FIG. 6 is a schematic diagram showing an example of an operation when the immediately preceding sentence voice quality switching information is provided to the voice quality switching history storage means 26;
FIG. 7 is a flowchart for explaining the operation of the present invention.
FIG. 8 is a schematic diagram showing an example of display content when voice quality switching information is inserted.
FIG. 9 is a schematic diagram showing an example of display contents when voice quality switching information is inserted.
FIG. 10 is a schematic diagram showing an example of display contents when voice quality switching information is inserted.
FIG. 11 is a schematic diagram showing an example of display contents when voice quality switching information is inserted.
FIG. 12 is a schematic diagram showing an example of display content when voice quality switching information is inserted.
FIG. 13 is a schematic diagram showing an example of display contents when voice quality switching information is inserted.
FIG. 14 is a schematic diagram showing an example of display content when voice quality switching information is inserted.
[Explanation of symbols]
1 Speech synthesis processor 11 CPU
12 ROM
13 RAM
14 storage device 15 dictionary 16 input unit 17 display unit 18 sound processing unit 19 speaker 21 input sentence 22 processing unit 23 font voice quality correspondence storage means 24 voice synthesis sentence temporary storage means 25 voice quality switching information 26 voice quality switching history storage means 27 voice synthesis processing Part 28 Voice 100 Cursor 101, 102 Font 142 associated with voice quality switching Font associated with voice quality cancellation

Claims

The input speech including the voice synthesis sentence to be uttered and the voice quality to be uttered and the voice quality switching information for switching are sequentially read to extract the voice synthesis sentence and the voice quality switching information, and the extracted voice synthesized sentence is based on the voice quality switching information. In a voice synthesis processing device that performs voice synthesis processing and utters with a specified voice quality,
It has voice quality switching history storage means for sequentially storing the extracted voice quality switching information, and the read speech synthesis sentence utters based on the most recently stored voice quality switching information,
The voice switching information includes voice release information for releasing the voice switching information indicating the designated voice quality, when reading the voice quality release information, releases the voice switching information the most recently stored, and later sentences, the most A speech synthesis processing device that utters speech based on previous voice quality switching information stored one time before newly stored latest voice quality switching information .

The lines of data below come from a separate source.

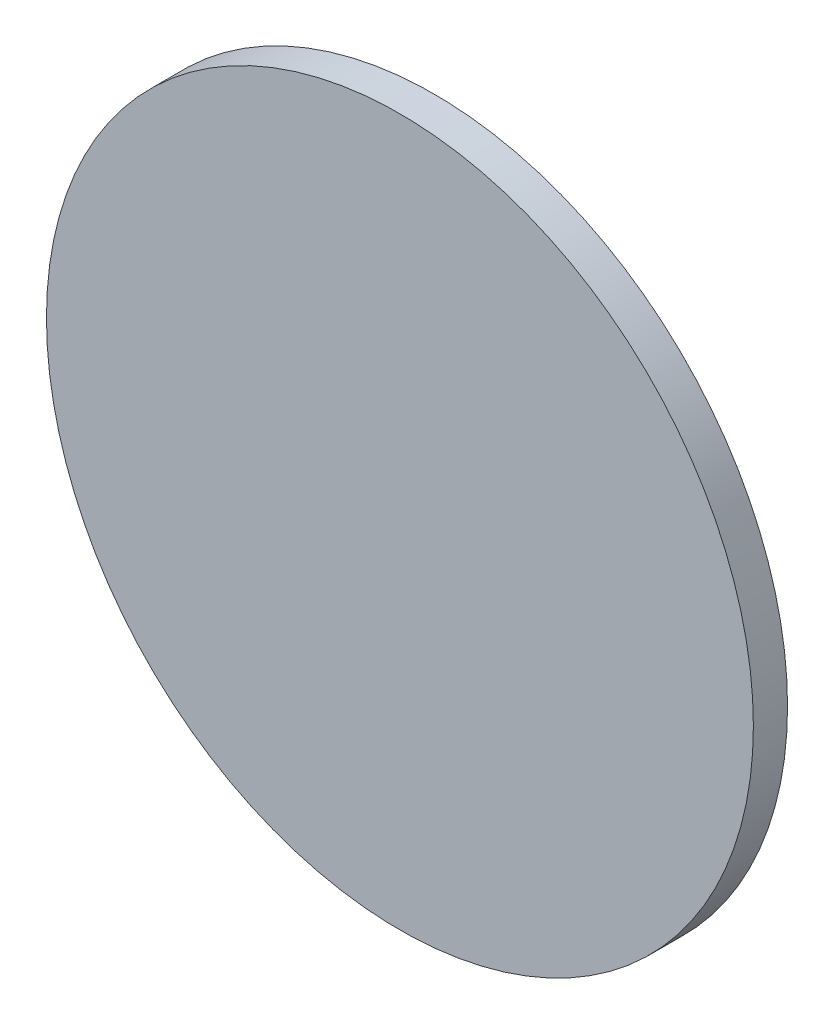
SolidWorks part; units mm, degrees
material "ABS PC"
ref_plane "Front Plane" through (0, 0, 0) normal (0, 0, 1) x (1, 0, 0)
ref_plane "Top Plane" through (0, 0, 0) normal (0, 1, 0) x (1, 0, 0)
ref_plane "Right Plane" through (0, 0, 0) normal (1, 0, 0) x (0, 0, -1)
sketch "Sketch1" plane through (0, 0, 0) normal (0, 0, 1) x (1, 0, 0)
  circle A0 centre (0, 0) radius 16.4211
  dimension "D1" = 32.8422
extrude "Boss-Extrude1" add sketch "Sketch1" along normal blind 1.5875

The speech synthesis processing device according to claim 1, wherein the voice quality cancellation information includes a line feed code.

The speech synthesis processing device according to claim 1, wherein the voice quality release information includes a punctuation code or a reading code.

The speech synthesis processing device according to claim 1, wherein the voice quality switching information includes a question mark or an exclamation mark.

5. The speech synthesis according to claim 4, wherein when the question mark or the exclamation mark, which is voice quality switching information, is read, the word of the immediately preceding voice synthesis sentence is uttered in the voice quality associated with the voice quality switching information. Processing equipment.